Goiânia – Passada a festa dominical da democracia, teremos que aprender a viver uma irremediável segunda-feira. A má notícia é que estamos diante de uma crise aguda da democracia-representativa, o sistema da solução de conflitos pelo voto universal e direto.
A boa notícia é que não de trata de mais uma crise local, movida pela baixa-estima do brasileiro médio, mas de uma queda geral na crença de que o voto da maioria é suficiente para equilibrar as emoções e relações humanas.
Para quem – como eu mesmo – está convencido de qualquer resultado destas eleições para presidente no Brasil será uma catástrofe, é preciso respirar fundo e olhar para o resto do mundo: contando o Brexit, na Inglaterra, berço da revolução industrial moderna, aos Estados Unidos do Norte, seu produto mais bem-acabado, com a eleição de Duck Donald Trump, o patinho feio e zangado filho torto de Disney.
O drama do agravamento de impasses, ao invés de um caminho para a negociação entre as partes como resultado de eleições, parece se alastrar como a própria internet, distribuindo-se sem fronteiras desde a França sempre revolucionária à Suécia amante do sossego e da harmonia de classes.
A parte ruim da encrenca em que nos metemos é evidenciar a fragilidade do sistema representativo. Votar é pouco mais que uma massagem no ego da democracia, que segue dolorida e trôpega.
A parte boa é que vamos ser obrigados a aprender, como as economias mais organizadas já vinham fazendo, a viver com menos governo.
Dizer que esta é a pior crise nacional é desconhecer todas as anteriores e até que a próxima sempre pode ser pior. Ademais, do ponto de vista político-eleitoral, que tanto assusta, não estamos muito diferentes, por exemplo, de 1989. Aliás, a polarização entre o PT e um arrivista de direita é idêntica. Não falta nem o massacre ao meio-termo que poderia ser apaziguador, com o Mário Covas do passado sendo revivido agora por Geraldo Alckmin. Sobrevivemos antes, vamos sobreviver de novo.
Verdade que a eleição de Collor terminou em impeachment. O tempo que passou, neste caso, conta muito a nosso favor: 1989 foi mais frustrante porque era a retomada das eleições diretas para presidente, depois de quase três décadas. Dois impeachments e muitas provações passadas, as instituições, Judiciário e Congresso inclusos, já deram mostras abundantes de que não há nenhuma fragilidade no pacto democrático brasileiro.
O mundo mudou. E ainda que a globalização tenha trazido junto esta fragilização aparente do sistema representativo, não faz mais sentido imaginar os soviéticos e os americanos brincando de financiar golpes autocráticos pelo mundo. Nem civil, nem militar. Até porque hoje as grandes corporações industriais e tecnológicas têm mais poder que governos. O grande capital é tão chinês e russo quanto europeu e americano. Há mais negócios do que pátrias neste admirável mundo novo.

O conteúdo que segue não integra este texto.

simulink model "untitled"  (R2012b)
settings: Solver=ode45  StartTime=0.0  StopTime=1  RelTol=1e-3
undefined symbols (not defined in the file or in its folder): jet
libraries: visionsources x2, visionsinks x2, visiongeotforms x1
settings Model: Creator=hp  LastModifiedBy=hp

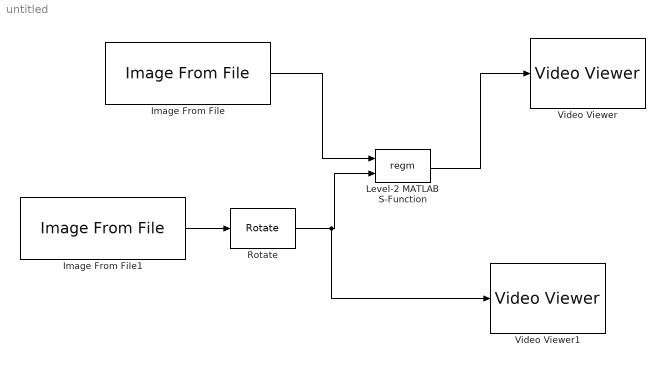
== system untitled ==
  Image From File : visionsources/Image From File  Tag=vipblks_nd  FileName=cameraman.tif  imagePorts=One multidimensional signal  Ts=inf  ImageDataType=double  Signed=on  WordLength=16  sdImageDataType=uint(8)  FractionLengthMode=User-defined  FractionLength=15  OutPortLabels=R|G|B
  Image From File1 : visionsources/Image From File  Tag=vipblks_nd  FileName=cameraman.tif  imagePorts=One multidimensional signal  Ts=inf  ImageDataType=double  Signed=on  WordLength=16  sdImageDataType=uint(8)  FractionLengthMode=User-defined  FractionLength=15  OutPortLabels=R|G|B
  Level-2 MATLAB S-Function : M-S-Function  FunctionName=regm
  Rotate : visiongeotforms/Rotate  outSizeR=Same as input image  src_angle=Specify via dialog  unit_angle=Degrees  angle=pi/2  maxAngle=pi  dispImage=Center  method=Table lookup  fillVal=0  interpMethod=Bilinear  prodOutputMode=Binary point scaling  prodOutputWordLength=32  prodOutputFracLength=10  roundingMode=Nearest  overflowMode=on
  Video Viewer : visionsinks/Video Viewer  inputType=Obsolete7b  imagePorts=One multidimensional signal  useColorMap=off  colormapValue=jet(256)  specRange=off  minInputVal=0  maxInputVal=255  FigPos=[948 591 410 300]  AxisZoom=on  trueSizedOnce=off  OpenAtMdlStart=on  DefaultConfigurationName=vipscopes.VideoViewerScopeCfg
  Video Viewer1 : visionsinks/Video Viewer  inputType=Obsolete7b  imagePorts=One multidimensional signal  useColorMap=off  colormapValue=jet(256)  specRange=off  minInputVal=0  maxInputVal=255  FigPos=[478 533 410 300]  AxisZoom=on  trueSizedOnce=off  OpenAtMdlStart=on  DefaultConfigurationName=vipscopes.VideoViewerScopeCfg
  wires:
  Image From File/1 -> Level-2 MATLAB S-Function/1
  Level-2 MATLAB S-Function/1 -> Video Viewer/1
  Rotate/1 -> Video Viewer1/1, Level-2 MATLAB S-Function/2
  Image From File1/1 -> Rotate/1

O fato é que o vencedor desta eleição presidencial será um populista, no sentido de, à direita ou à esquerda, tentar provar que entregará o impossível: um caminho para a reconstrução nacional, para governar para a maioria, e não para grupos ou corporações.
Quem inventou que éramos nós contra eles, agora não sabe mais quem são eles e o que será de nós. Não importa, porque os brasileiros estão irrevogavelmente cindidos. Não haverá governo possível, porque não há mais consenso possível. A única saída será aprendermos a nos virar sem governo.
Não se trata de Estado mínimo, ou o máximo de planejamento estatal para gerir a economia e a Nação. O governo, qualquer que seja, continuará gastando muito para prover, mal, Segurança Pública, Educação básica, um Sistema de Saúde precário e caro, basicamente assistencialista. Continuará interferindo pontualmente onde não deveria mexer na economia, e acumulando déficits que alimentam os juros de uma dívida monstruosa.
Além disto, gastará cada vez mais em pagar salários de uma máquina burocrática com bolsões de privilégios e uma ineficiência orgulhosamente autoalimentada. A novidade é que os impostos continuarão subindo, também para fazer frente a uma previdência social irrefreável.
Enfim, estamos prontos para a Democracia moderna. Façamos a festa no domingo, para estarmos alegres e dispostos na segunda-feira, que promete ser, senão eterna, bastante duradoura.